▸ **WHAT TO WORK ON**
Look through the entries. Copy each line that has the word "ScaleMax".

▸ **MATERIAL FOR THIS TASK**
■ ■ ■

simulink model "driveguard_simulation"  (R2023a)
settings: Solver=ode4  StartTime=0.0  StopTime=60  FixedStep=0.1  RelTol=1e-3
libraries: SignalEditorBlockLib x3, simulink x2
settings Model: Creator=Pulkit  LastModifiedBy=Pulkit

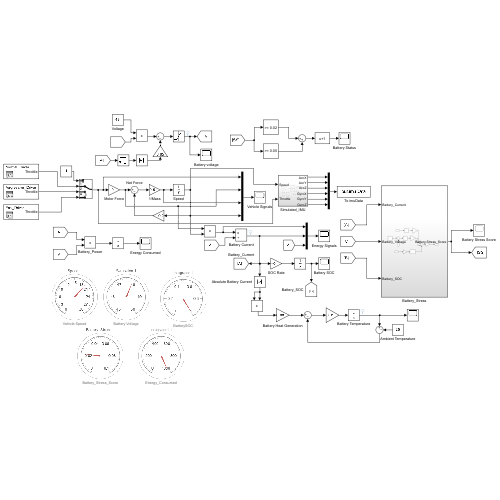
[thumbnail: Simulink's stored preview of the top-level diagram]
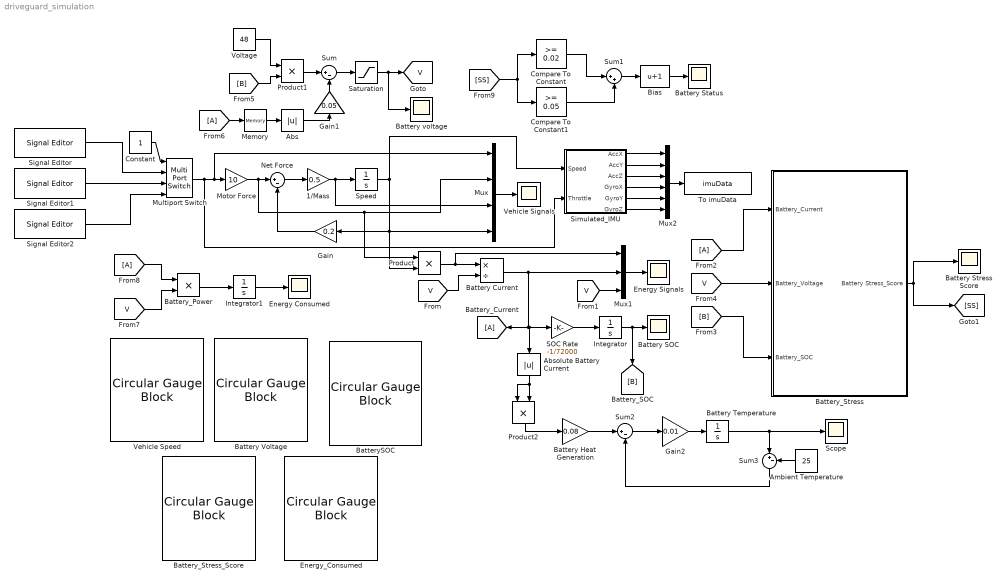
== system driveguard_simulation ==
  1/Mass : Gain  Gain=0.5
  Abs : Abs  SaturateOnIntegerOverflow=off
  Absolute Battery Current : Abs  SaturateOnIntegerOverflow=off
  Ambient Temperature : Constant  Value=25
  Battery Current : Product  Inputs=*/
  Battery Heat Generation : Gain  Gain=0.08
  Battery SOC : Scope
  Battery Status : Scope
  Battery Stress Score : Scope
  Battery Temperature : Integrator  InitialCondition=25
  Battery Voltage : CircularGaugeBlock  ScaleMin=45  ScaleMax=50  TickInterval=1
  Battery voltage : Scope
  BatterySOC : CircularGaugeBlock  ScaleMax=1  TickInterval=0.2
  Battery_Current : Goto
  Battery_Power : Product
  Battery_Stress : Subsystem
  Battery_Stress_Score : CircularGaugeBlock  ScaleMax=0.1  TickInterval=0.02
  Bias : Bias  Bias=1  SaturateOnIntegerOverflow=off
  Compare To Constant : simulink/Logic and Bit Operations/Compare To Constant  relop=>=  const=0.02  OutDataTypeStr=boolean
  Compare To Constant1 : simulink/Logic and Bit Operations/Compare To Constant  relop=>=  const=0.05  OutDataTypeStr=boolean
  Constant : Constant  SampleTime=-1
  Energy Consumed : Scope
  Energy Signals : Scope
  Energy_Consumed : CircularGaugeBlock  ScaleMax=1000  TickInterval=200
  From2 : From
  From6 : From
  From8 : From
  Gain : Gain  Gain=0.2
  Gain1 : Gain  Gain=0.05
  Gain2 : Gain  Gain=0.01
  Integrator : Integrator  InitialCondition=1
  Integrator1 : Integrator
  Memory : Memory
  Motor Force : Gain  Gain=10
  Multiport Switch : MultiPortSwitch  SaturateOnIntegerOverflow=off  InputSameDT=off
  Mux : Mux
  Mux1 : Mux  Inputs=3
  Mux2 : Mux  Inputs=6
  Net Force : Sum  Inputs=|+-
  Product : Product
  Product1 : Product
  Product2 : Product
  SOC Rate : Gain  Gain=-1/72000
  Saturation : Saturate  UpperLimit=100  LowerLimit=1
  Scope : Scope
  Signal Editor : SignalEditorBlockLib/Signal Editor  FileName=driver_profiles.mat  ActiveScenario=Normal_Driver  ActiveSignal=Throttle  IsBus=off  OutputBusObjectStr=Bus: BusObject  SampleTime=0  Interpolate=off  ZeroCross=off  OutputAfterFinalValue=Setting to zero  Unit=inherit  PreserveSignalName=on  ApplySigPropsToAllScenarios=on
  Signal Editor1 : SignalEditorBlockLib/Signal Editor  FileName=driver_profiles.mat  ActiveScenario=Aggressive_Driver  ActiveSignal=Throttle  IsBus=off  OutputBusObjectStr=Bus: BusObject  SampleTime=0  Interpolate=off  ZeroCross=off  OutputAfterFinalValue=Setting to zero  Unit=inherit  PreserveSignalName=on  ApplySigPropsToAllScenarios=on
  Signal Editor2 : SignalEditorBlockLib/Signal Editor  FileName=driver_profiles.mat  ActiveScenario=Eco_Driver  ActiveSignal=Throttle  IsBus=off  OutputBusObjectStr=Bus: BusObject  SampleTime=0  Interpolate=off  ZeroCross=off  OutputAfterFinalValue=Setting to zero  Unit=inherit  PreserveSignalName=on  ApplySigPropsToAllScenarios=on
  Simulated_IMU : Subsystem
  Speed : Integrator
  Sum : Sum  Inputs=|+-
  Sum1 : Sum  Inputs=|++
  Sum2 : Sum  Inputs=|+-
  Sum3 : Sum  Inputs=|+-
  To imuData : ToWorkspace  VariableName=imuData  SampleTime=-1
  Vehicle Signals : Scope
  Vehicle Speed : CircularGaugeBlock  ScaleMax=30  TickInterval=3
  Voltage : Constant  Value=48
  tag scope: V=global
  wires:
  1/Mass/1 -> Mux/3, Speed/1
  Speed/1 -> Gain/1, Product/2, Mux/4, Simulated_IMU/1(Speed)
  Motor Force/1 -> Product/1, Mux/2, Net Force/1
  Net Force/1 -> 1/Mass/1
  Gain/1 -> Net Force/2
  Mux/1 -> Vehicle Signals/1
  Product/1 -> Battery Current/1, Mux1/1
  Battery Current/1 -> SOC Rate/1, Absolute Battery Current/1, Battery_Current/1, Mux1/2
  Mux1/1 -> Energy Signals/1
  SOC Rate/1 -> Integrator/1
  Integrator/1 -> [B], Battery SOC/1
  [V] -> Battery Current/2
  [V] -> Mux1/3
  Signal Editor/1 -> Multiport Switch/2
  Signal Editor1/1 -> Multiport Switch/3
  Signal Editor2/1 -> Multiport Switch/4
  Multiport Switch/1 -> Simulated_IMU/2(Throttle), Mux/1, Motor Force/1
  Constant/1 -> Multiport Switch/1
  From2/1 -> Battery_Stress/1(Battery_Current)
  [V] -> Battery_Stress/2(Battery_Voltage)
  [B] -> Battery_Stress/3(Battery_SOC)
  Battery_Stress/1(Battery Stress_Score) -> Battery Stress Score/1, [SS]
  [B] -> Product1/2
  Abs/1 -> Gain1/1
  Product1/1 -> Sum/1
  Gain1/1 -> Sum/2
  From6/1 -> Memory/1
  Memory/1 -> Abs/1
  Voltage/1 -> Product1/1
  Sum/1 -> Saturation/1
  Saturation/1 -> Battery voltage/1, [V]
  From8/1 -> Battery_Power/1
  [V] -> Battery_Power/2
  Battery_Power/1 -> Integrator1/1
  Integrator1/1 -> Energy Consumed/1
  [SS] -> Compare To Constant1/1, Compare To Constant/1
  Compare To Constant/1 -> Sum1/1
  Compare To Constant1/1 -> Sum1/2
  Sum1/1 -> Bias/1
  Bias/1 -> Battery Status/1
  Absolute Battery Current/1 -> Product2/1, Product2/2
  Product2/1 -> Battery Heat Generation/1
  Battery Heat Generation/1 -> Sum2/1
  Sum2/1 -> Gain2/1
  Gain2/1 -> Battery Temperature/1
  Battery Temperature/1 -> Scope/1, Sum3/1
  Ambient Temperature/1 -> Sum3/2
  Sum3/1 -> Sum2/2
  Simulated_IMU/1(AccX) -> Mux2/1
  Simulated_IMU/2(AccY) -> Mux2/2
  Simulated_IMU/3(AccZ) -> Mux2/3
  Simulated_IMU/4(GyroX) -> Mux2/4
  Simulated_IMU/5(GyroY) -> Mux2/5
  Simulated_IMU/6(GyroZ) -> Mux2/6
  Mux2/1 -> To imuData/1

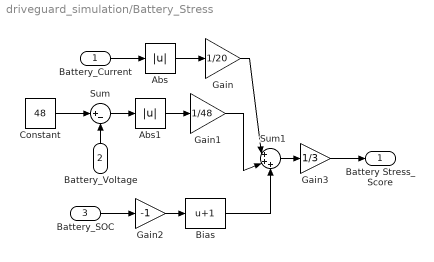
== system driveguard_simulation/Battery_Stress ==
  Battery_Current : Inport
  Battery_Voltage : Inport  Port=2
  Battery_SOC : Inport  Port=3
  Abs : Abs  SaturateOnIntegerOverflow=off
  Abs1 : Abs  SaturateOnIntegerOverflow=off
  Bias : Bias  Bias=1  SaturateOnIntegerOverflow=off
  Constant : Constant  Value=48
  Gain : Gain  Gain=1/20
  Gain1 : Gain  Gain=1/48
  Gain2 : Gain  Gain=-1
  Gain3 : Gain  Gain=1/3
  Sum : Sum  Inputs=|+-
  Sum1 : Sum  Inputs=|+++
  Battery Stress_Score : Outport
  wires:
  Battery_Current/1 -> Abs/1
  Abs/1 -> Gain/1
  Battery_Voltage/1 -> Sum/2
  Constant/1 -> Sum/1
  Battery_SOC/1 -> Gain2/1
  Gain2/1 -> Bias/1
  Gain/1 -> Sum1/1
  Gain1/1 -> Sum1/2
  Bias/1 -> Sum1/3
  Sum1/1 -> Gain3/1
  Gain3/1 -> Battery Stress_Score/1
  Sum/1 -> Abs1/1
  Abs1/1 -> Gain1/1

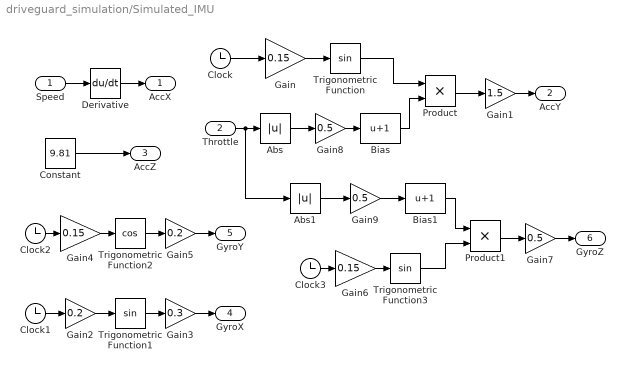
== system driveguard_simulation/Simulated_IMU ==
  Speed : Inport
  Throttle : Inport  Port=2
  Abs : Abs  SaturateOnIntegerOverflow=off
  Abs1 : Abs  SaturateOnIntegerOverflow=off
  Bias : Bias  Bias=1  SaturateOnIntegerOverflow=off
  Bias1 : Bias  Bias=1  SaturateOnIntegerOverflow=off
  Clock{,1..3} (4 alike) : Clock
  Constant : Constant  Value=9.81
  Derivative : Derivative
  Gain : Gain  Gain=0.15
  Gain1 : Gain  Gain=1.5
  Gain2 : Gain  Gain=0.2
  Gain3 : Gain  Gain=0.3
  Gain4 : Gain  Gain=0.15
  Gain5 : Gain  Gain=0.2
  Gain6 : Gain  Gain=0.15
  Gain7 : Gain  Gain=0.5
  Gain8 : Gain  Gain=0.5
  Gain9 : Gain  Gain=0.5
  Product : Product
  Product1 : Product
  Trigonometric Function : Trigonometry
  Trigonometric Function1 : Trigonometry
  Trigonometric Function2 : Trigonometry  Operator=cos
  Trigonometric Function3 : Trigonometry
  AccX : Outport
  AccY : Outport  Port=2
  AccZ : Outport  Port=3
  GyroX : Outport  Port=4
  GyroY : Outport  Port=5
  GyroZ : Outport  Port=6
  wires:
  Speed/1 -> Derivative/1
  Derivative/1 -> AccX/1
  Clock/1 -> Gain/1
  Gain/1 -> Trigonometric Function/1
  Gain1/1 -> AccY/1
  Constant/1 -> AccZ/1
  Clock1/1 -> Gain2/1
  Gain2/1 -> Trigonometric Function1/1
  Trigonometric Function1/1 -> Gain3/1
  Gain3/1 -> GyroX/1
  Clock2/1 -> Gain4/1
  Gain4/1 -> Trigonometric Function2/1
  Gain5/1 -> GyroY/1
  Trigonometric Function2/1 -> Gain5/1
  Gain7/1 -> GyroZ/1
  Gain6/1 -> Trigonometric Function3/1
  Clock3/1 -> Gain6/1
  Throttle/1 -> Abs1/1, Abs/1
  Trigonometric Function/1 -> Product/1
  Product/1 -> Gain1/1
  Abs/1 -> Gain8/1
  Gain8/1 -> Bias/1
  Bias/1 -> Product/2
  Abs1/1 -> Gain9/1
  Gain9/1 -> Bias1/1
  Trigonometric Function3/1 -> Product1/2
  Bias1/1 -> Product1/1
  Product1/1 -> Gain7/1

■ ■ ■

▸ **EXPECTED ANSWER**
  Battery Voltage : CircularGaugeBlock  ScaleMin=45  ScaleMax=50  TickInterval=1
  BatterySOC : CircularGaugeBlock  ScaleMax=1  TickInterval=0.2
  Battery_Stress_Score : CircularGaugeBlock  ScaleMax=0.1  TickInterval=0.02
  Energy_Consumed : CircularGaugeBlock  ScaleMax=1000  TickInterval=200
  Vehicle Speed : CircularGaugeBlock  ScaleMax=30  TickInterval=3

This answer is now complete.